* Data entries
_ _ _ _

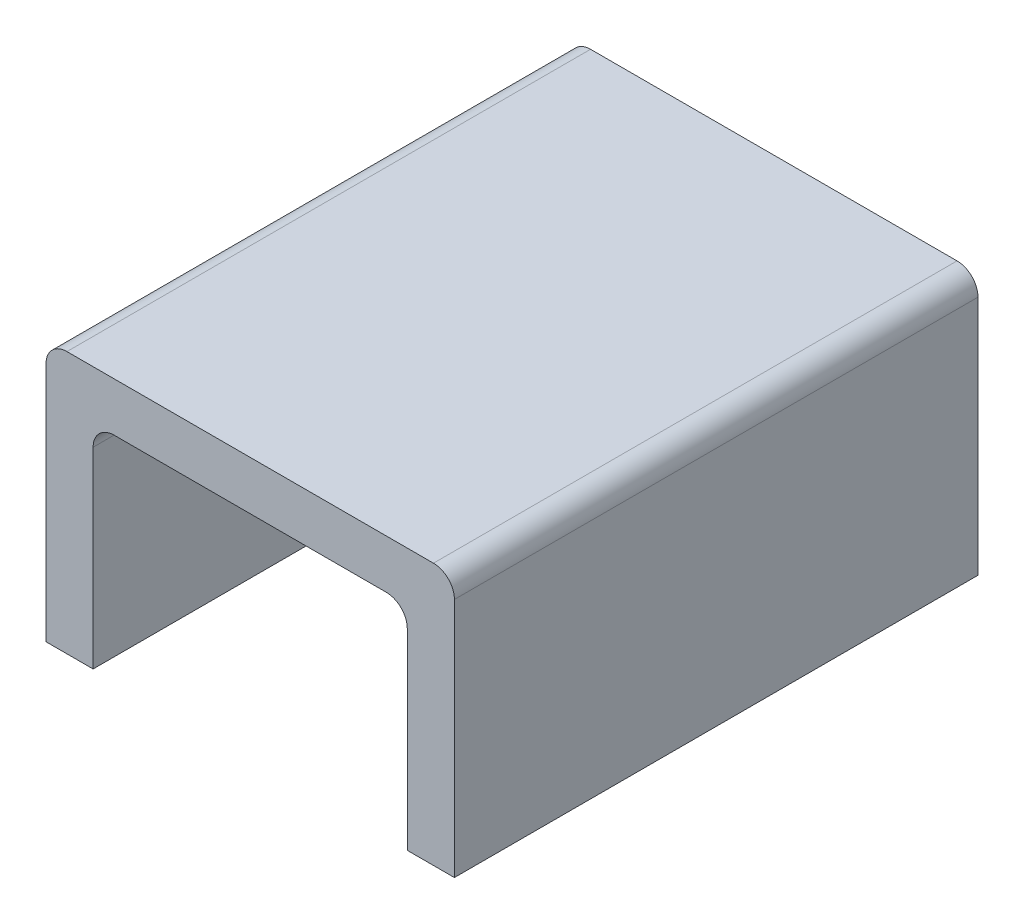
ISO-10303-21;
HEADER;
FILE_DESCRIPTION(('STEP AP214'),'2;1');
FILE_NAME('part.step','',(''),(''),'','','');
FILE_SCHEMA(('AUTOMOTIVE_DESIGN { 1 0 10303 214 1 1 1 1 }'));
ENDSEC;
DATA;
#1=APPLICATION_CONTEXT('core data for automotive mechanical design processes');
#2=APPLICATION_PROTOCOL_DEFINITION('international standard','automotive_design',2000,#1);
#3=PRODUCT_CONTEXT('',#1,'mechanical');
#4=PRODUCT('Part','Part','',(#3));
#5=PRODUCT_RELATED_PRODUCT_CATEGORY('part','',(#4));
#6=PRODUCT_DEFINITION_FORMATION('','',#4);
#7=PRODUCT_DEFINITION_CONTEXT('part definition',#1,'design');
#8=PRODUCT_DEFINITION('design','',#6,#7);
#9=PRODUCT_DEFINITION_SHAPE('','',#8);
#10=(LENGTH_UNIT() NAMED_UNIT(*) SI_UNIT(.MILLI.,.METRE.));
#11=(NAMED_UNIT(*) PLANE_ANGLE_UNIT() SI_UNIT($,.RADIAN.));
#12=(NAMED_UNIT(*) SI_UNIT($,.STERADIAN.) SOLID_ANGLE_UNIT());
#13=UNCERTAINTY_MEASURE_WITH_UNIT(LENGTH_MEASURE(1.E-05),#10,'distance_accuracy_value','');
#14=(GEOMETRIC_REPRESENTATION_CONTEXT(3) GLOBAL_UNCERTAINTY_ASSIGNED_CONTEXT((#13)) GLOBAL_UNIT_ASSIGNED_CONTEXT((#10,
#11,#12)) REPRESENTATION_CONTEXT('',''));
#15=CARTESIAN_POINT('',(0.,0.,0.));
#16=DIRECTION('',(0.,0.,1.));
#17=DIRECTION('',(1.,0.,0.));
#18=AXIS2_PLACEMENT_3D('',#15,#16,#17);
#19=CARTESIAN_POINT('',(-28.125,-13.9204545454545,50.));
#20=DIRECTION('',(0.,1.,0.));
#21=DIRECTION('',(0.,0.,1.));
#22=AXIS2_PLACEMENT_3D('',#19,#20,#21);
#23=PLANE('',#22);
#24=DIRECTION('',(1.,0.,0.));
#25=VECTOR('',#24,1.);
#26=CARTESIAN_POINT('',(-28.125,-13.9204545454545,0.));
#27=LINE('',#26,#25);
#28=CARTESIAN_POINT('',(-32.625,-13.9204545454545,0.));
#29=VERTEX_POINT('',#28);
#30=CARTESIAN_POINT('',(-28.125,-13.9204545454545,0.));
#31=VERTEX_POINT('',#30);
#32=EDGE_CURVE('E165',#29,#31,#27,.T.);
#33=ORIENTED_EDGE('',*,*,#32,.T.);
#34=DIRECTION('',(0.,0.,-1.));
#35=VECTOR('',#34,1.);
#36=CARTESIAN_POINT('',(-28.125,-13.9204545454545,50.));
#37=LINE('',#36,#35);
#38=CARTESIAN_POINT('',(-28.125,-13.9204545454545,50.));
#39=VERTEX_POINT('',#38);
#40=EDGE_CURVE('E49',#39,#31,#37,.T.);
#41=ORIENTED_EDGE('',*,*,#40,.F.);
#42=DIRECTION('',(1.,0.,0.));
#43=VECTOR('',#42,1.);
#44=CARTESIAN_POINT('',(-28.125,-13.9204545454545,50.));
#45=LINE('',#44,#43);
#46=CARTESIAN_POINT('',(-32.625,-13.9204545454545,50.));
#47=VERTEX_POINT('',#46);
#48=EDGE_CURVE('E113',#47,#39,#45,.T.);
#49=ORIENTED_EDGE('',*,*,#48,.F.);
#50=DIRECTION('',(0.,0.,-1.));
#51=VECTOR('',#50,1.);
#52=CARTESIAN_POINT('',(-32.625,-13.9204545454545,50.));
#53=LINE('',#52,#51);
#54=EDGE_CURVE('E11',#47,#29,#53,.T.);
#55=ORIENTED_EDGE('',*,*,#54,.T.);
#56=EDGE_LOOP('',(#33,#41,#49,#55));
#57=FACE_BOUND('',#56,.T.);
#58=ADVANCED_FACE('F41',(#57),#23,.F.);
#59=CARTESIAN_POINT('',(-28.125,4.42045454545456,50.));
#60=DIRECTION('',(-1.,0.,0.));
#61=DIRECTION('',(0.,0.,1.));
#62=AXIS2_PLACEMENT_3D('',#59,#60,#61);
#63=PLANE('',#62);
#64=DIRECTION('',(0.,1.,0.));
#65=VECTOR('',#64,1.);
#66=CARTESIAN_POINT('',(-28.125,4.42045454545456,0.));
#67=LINE('',#66,#65);
#68=CARTESIAN_POINT('',(-28.125,4.42045454545456,0.));
#69=VERTEX_POINT('',#68);
#70=EDGE_CURVE('E167',#31,#69,#67,.T.);
#71=ORIENTED_EDGE('',*,*,#70,.T.);
#72=DIRECTION('',(0.,0.,-1.));
#73=VECTOR('',#72,1.);
#74=CARTESIAN_POINT('',(-28.125,4.42045454545456,50.));
#75=LINE('',#74,#73);
#76=CARTESIAN_POINT('',(-28.125,4.42045454545456,50.));
#77=VERTEX_POINT('',#76);
#78=EDGE_CURVE('E204',#77,#69,#75,.T.);
#79=ORIENTED_EDGE('',*,*,#78,.F.);
#80=DIRECTION('',(0.,1.,0.));
#81=VECTOR('',#80,1.);
#82=CARTESIAN_POINT('',(-28.125,4.42045454545456,50.));
#83=LINE('',#82,#81);
#84=EDGE_CURVE('E212',#39,#77,#83,.T.);
#85=ORIENTED_EDGE('',*,*,#84,.F.);
#86=ORIENTED_EDGE('',*,*,#40,.T.);
#87=EDGE_LOOP('',(#71,#79,#85,#86));
#88=FACE_BOUND('',#87,.T.);
#89=ADVANCED_FACE('F210',(#88),#63,.F.);
#90=CARTESIAN_POINT('',(-26.125,4.42045454545456,50.));
#91=DIRECTION('',(0.,0.,-1.));
#92=DIRECTION('',(-1.,0.,0.));
#93=AXIS2_PLACEMENT_3D('',#90,#91,#92);
#94=CYLINDRICAL_SURFACE('',#93,2.);
#95=CARTESIAN_POINT('',(-26.125,4.42045454545456,0.));
#96=DIRECTION('',(0.,0.,-1.));
#97=DIRECTION('',(1.,0.,0.));
#98=AXIS2_PLACEMENT_3D('',#95,#96,#97);
#99=CIRCLE('',#98,2.);
#100=CARTESIAN_POINT('',(-26.125,6.42045454545456,0.));
#101=VERTEX_POINT('',#100);
#102=EDGE_CURVE('E169',#69,#101,#99,.T.);
#103=ORIENTED_EDGE('',*,*,#102,.T.);
#104=DIRECTION('',(0.,0.,-1.));
#105=VECTOR('',#104,1.);
#106=CARTESIAN_POINT('',(-26.125,6.42045454545456,50.));
#107=LINE('',#106,#105);
#108=CARTESIAN_POINT('',(-26.125,6.42045454545456,50.));
#109=VERTEX_POINT('',#108);
#110=EDGE_CURVE('E201',#109,#101,#107,.T.);
#111=ORIENTED_EDGE('',*,*,#110,.F.);
#112=CARTESIAN_POINT('',(-26.125,4.42045454545456,50.));
#113=DIRECTION('',(0.,0.,-1.));
#114=DIRECTION('',(1.,0.,0.));
#115=AXIS2_PLACEMENT_3D('',#112,#113,#114);
#116=CIRCLE('',#115,2.);
#117=EDGE_CURVE('E231',#77,#109,#116,.T.);
#118=ORIENTED_EDGE('',*,*,#117,.F.);
#119=ORIENTED_EDGE('',*,*,#78,.T.);
#120=EDGE_LOOP('',(#103,#111,#118,#119));
#121=FACE_BOUND('',#120,.T.);
#122=ADVANCED_FACE('F222',(#121),#94,.F.);
#123=CARTESIAN_POINT('',(-0.125000000000006,6.42045454545456,50.));
#124=DIRECTION('',(0.,1.,0.));
#125=DIRECTION('',(0.,0.,1.));
#126=AXIS2_PLACEMENT_3D('',#123,#124,#125);
#127=PLANE('',#126);
#128=DIRECTION('',(1.,0.,0.));
#129=VECTOR('',#128,1.);
#130=CARTESIAN_POINT('',(-0.125000000000006,6.42045454545456,0.));
#131=LINE('',#130,#129);
#132=CARTESIAN_POINT('',(-0.125000000000006,6.42045454545456,0.));
#133=VERTEX_POINT('',#132);
#134=EDGE_CURVE('E171',#101,#133,#131,.T.);
#135=ORIENTED_EDGE('',*,*,#134,.T.);
#136=DIRECTION('',(0.,0.,-1.));
#137=VECTOR('',#136,1.);
#138=CARTESIAN_POINT('',(-0.125000000000006,6.42045454545456,50.));
#139=LINE('',#138,#137);
#140=CARTESIAN_POINT('',(-0.125000000000006,6.42045454545456,50.));
#141=VERTEX_POINT('',#140);
#142=EDGE_CURVE('E198',#141,#133,#139,.T.);
#143=ORIENTED_EDGE('',*,*,#142,.F.);
#144=DIRECTION('',(1.,0.,0.));
#145=VECTOR('',#144,1.);
#146=CARTESIAN_POINT('',(-0.125000000000006,6.42045454545456,50.));
#147=LINE('',#146,#145);
#148=EDGE_CURVE('E228',#109,#141,#147,.T.);
#149=ORIENTED_EDGE('',*,*,#148,.F.);
#150=ORIENTED_EDGE('',*,*,#110,.T.);
#151=EDGE_LOOP('',(#135,#143,#149,#150));
#152=FACE_BOUND('',#151,.T.);
#153=ADVANCED_FACE('F226',(#152),#127,.F.);
#154=CARTESIAN_POINT('',(-0.125000000000006,4.42045454545456,50.));
#155=DIRECTION('',(0.,0.,-1.));
#156=DIRECTION('',(-1.,0.,0.));
#157=AXIS2_PLACEMENT_3D('',#154,#155,#156);
#158=CYLINDRICAL_SURFACE('',#157,2.);
#159=CARTESIAN_POINT('',(-0.125000000000006,4.42045454545456,0.));
#160=DIRECTION('',(0.,0.,-1.));
#161=DIRECTION('',(1.,0.,0.));
#162=AXIS2_PLACEMENT_3D('',#159,#160,#161);
#163=CIRCLE('',#162,2.);
#164=CARTESIAN_POINT('',(1.87499999999999,4.42045454545456,0.));
#165=VERTEX_POINT('',#164);
#166=EDGE_CURVE('E173',#133,#165,#163,.T.);
#167=ORIENTED_EDGE('',*,*,#166,.T.);
#168=DIRECTION('',(0.,0.,-1.));
#169=VECTOR('',#168,1.);
#170=CARTESIAN_POINT('',(1.87499999999999,4.42045454545456,50.));
#171=LINE('',#170,#169);
#172=CARTESIAN_POINT('',(1.87499999999999,4.42045454545456,50.));
#173=VERTEX_POINT('',#172);
#174=EDGE_CURVE('E195',#173,#165,#171,.T.);
#175=ORIENTED_EDGE('',*,*,#174,.F.);
#176=CARTESIAN_POINT('',(-0.125000000000006,4.42045454545456,50.));
#177=DIRECTION('',(0.,0.,-1.));
#178=DIRECTION('',(1.,0.,0.));
#179=AXIS2_PLACEMENT_3D('',#176,#177,#178);
#180=CIRCLE('',#179,2.);
#181=EDGE_CURVE('E230',#141,#173,#180,.T.);
#182=ORIENTED_EDGE('',*,*,#181,.F.);
#183=ORIENTED_EDGE('',*,*,#142,.T.);
#184=EDGE_LOOP('',(#167,#175,#182,#183));
#185=FACE_BOUND('',#184,.T.);
#186=ADVANCED_FACE('F273',(#185),#158,.F.);
#187=CARTESIAN_POINT('',(1.87499999999999,-13.9204545454545,50.));
#188=DIRECTION('',(1.,0.,0.));
#189=DIRECTION('',(0.,1.,0.));
#190=AXIS2_PLACEMENT_3D('',#187,#188,#189);
#191=PLANE('',#190);
#192=DIRECTION('',(0.,-1.,0.));
#193=VECTOR('',#192,1.);
#194=CARTESIAN_POINT('',(1.87499999999999,-13.9204545454545,0.));
#195=LINE('',#194,#193);
#196=CARTESIAN_POINT('',(1.87499999999999,-13.9204545454545,0.));
#197=VERTEX_POINT('',#196);
#198=EDGE_CURVE('E175',#165,#197,#195,.T.);
#199=ORIENTED_EDGE('',*,*,#198,.T.);
#200=DIRECTION('',(0.,0.,-1.));
#201=VECTOR('',#200,1.);
#202=CARTESIAN_POINT('',(1.87499999999999,-13.9204545454545,50.));
#203=LINE('',#202,#201);
#204=CARTESIAN_POINT('',(1.87499999999999,-13.9204545454545,50.));
#205=VERTEX_POINT('',#204);
#206=EDGE_CURVE('E192',#205,#197,#203,.T.);
#207=ORIENTED_EDGE('',*,*,#206,.F.);
#208=DIRECTION('',(0.,-1.,0.));
#209=VECTOR('',#208,1.);
#210=CARTESIAN_POINT('',(1.87499999999999,-13.9204545454545,50.));
#211=LINE('',#210,#209);
#212=EDGE_CURVE('E233',#173,#205,#211,.T.);
#213=ORIENTED_EDGE('',*,*,#212,.F.);
#214=ORIENTED_EDGE('',*,*,#174,.T.);
#215=EDGE_LOOP('',(#199,#207,#213,#214));
#216=FACE_BOUND('',#215,.T.);
#217=ADVANCED_FACE('F276',(#216),#191,.F.);
#218=CARTESIAN_POINT('',(6.375,-13.9204545454545,50.));
#219=DIRECTION('',(0.,1.,0.));
#220=DIRECTION('',(-1.,0.,0.));
#221=AXIS2_PLACEMENT_3D('',#218,#219,#220);
#222=PLANE('',#221);
#223=DIRECTION('',(1.,0.,0.));
#224=VECTOR('',#223,1.);
#225=CARTESIAN_POINT('',(6.375,-13.9204545454545,0.));
#226=LINE('',#225,#224);
#227=CARTESIAN_POINT('',(6.375,-13.9204545454545,0.));
#228=VERTEX_POINT('',#227);
#229=EDGE_CURVE('E177',#197,#228,#226,.T.);
#230=ORIENTED_EDGE('',*,*,#229,.T.);
#231=DIRECTION('',(0.,0.,-1.));
#232=VECTOR('',#231,1.);
#233=CARTESIAN_POINT('',(6.375,-13.9204545454545,50.));
#234=LINE('',#233,#232);
#235=CARTESIAN_POINT('',(6.375,-13.9204545454545,50.));
#236=VERTEX_POINT('',#235);
#237=EDGE_CURVE('E189',#236,#228,#234,.T.);
#238=ORIENTED_EDGE('',*,*,#237,.F.);
#239=DIRECTION('',(1.,0.,0.));
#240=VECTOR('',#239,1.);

_ _ _ _

* ACTION ITEM
Retype exactly the lines of the data above that fall between the line with "#24=DIRECTION('',(1.,0.,0.));" and the line with "#34=DIRECTION('',(0.,0.,-1.));", inclusive, and add nothing.

* WRITTEN REPLY
#24=DIRECTION('',(1.,0.,0.));
#25=VECTOR('',#24,1.);
#26=CARTESIAN_POINT('',(-28.125,-13.9204545454545,0.));
#27=LINE('',#26,#25);
#28=CARTESIAN_POINT('',(-32.625,-13.9204545454545,0.));
#29=VERTEX_POINT('',#28);
#30=CARTESIAN_POINT('',(-28.125,-13.9204545454545,0.));
#31=VERTEX_POINT('',#30);
#32=EDGE_CURVE('E165',#29,#31,#27,.T.);
#33=ORIENTED_EDGE('',*,*,#32,.T.);
#34=DIRECTION('',(0.,0.,-1.));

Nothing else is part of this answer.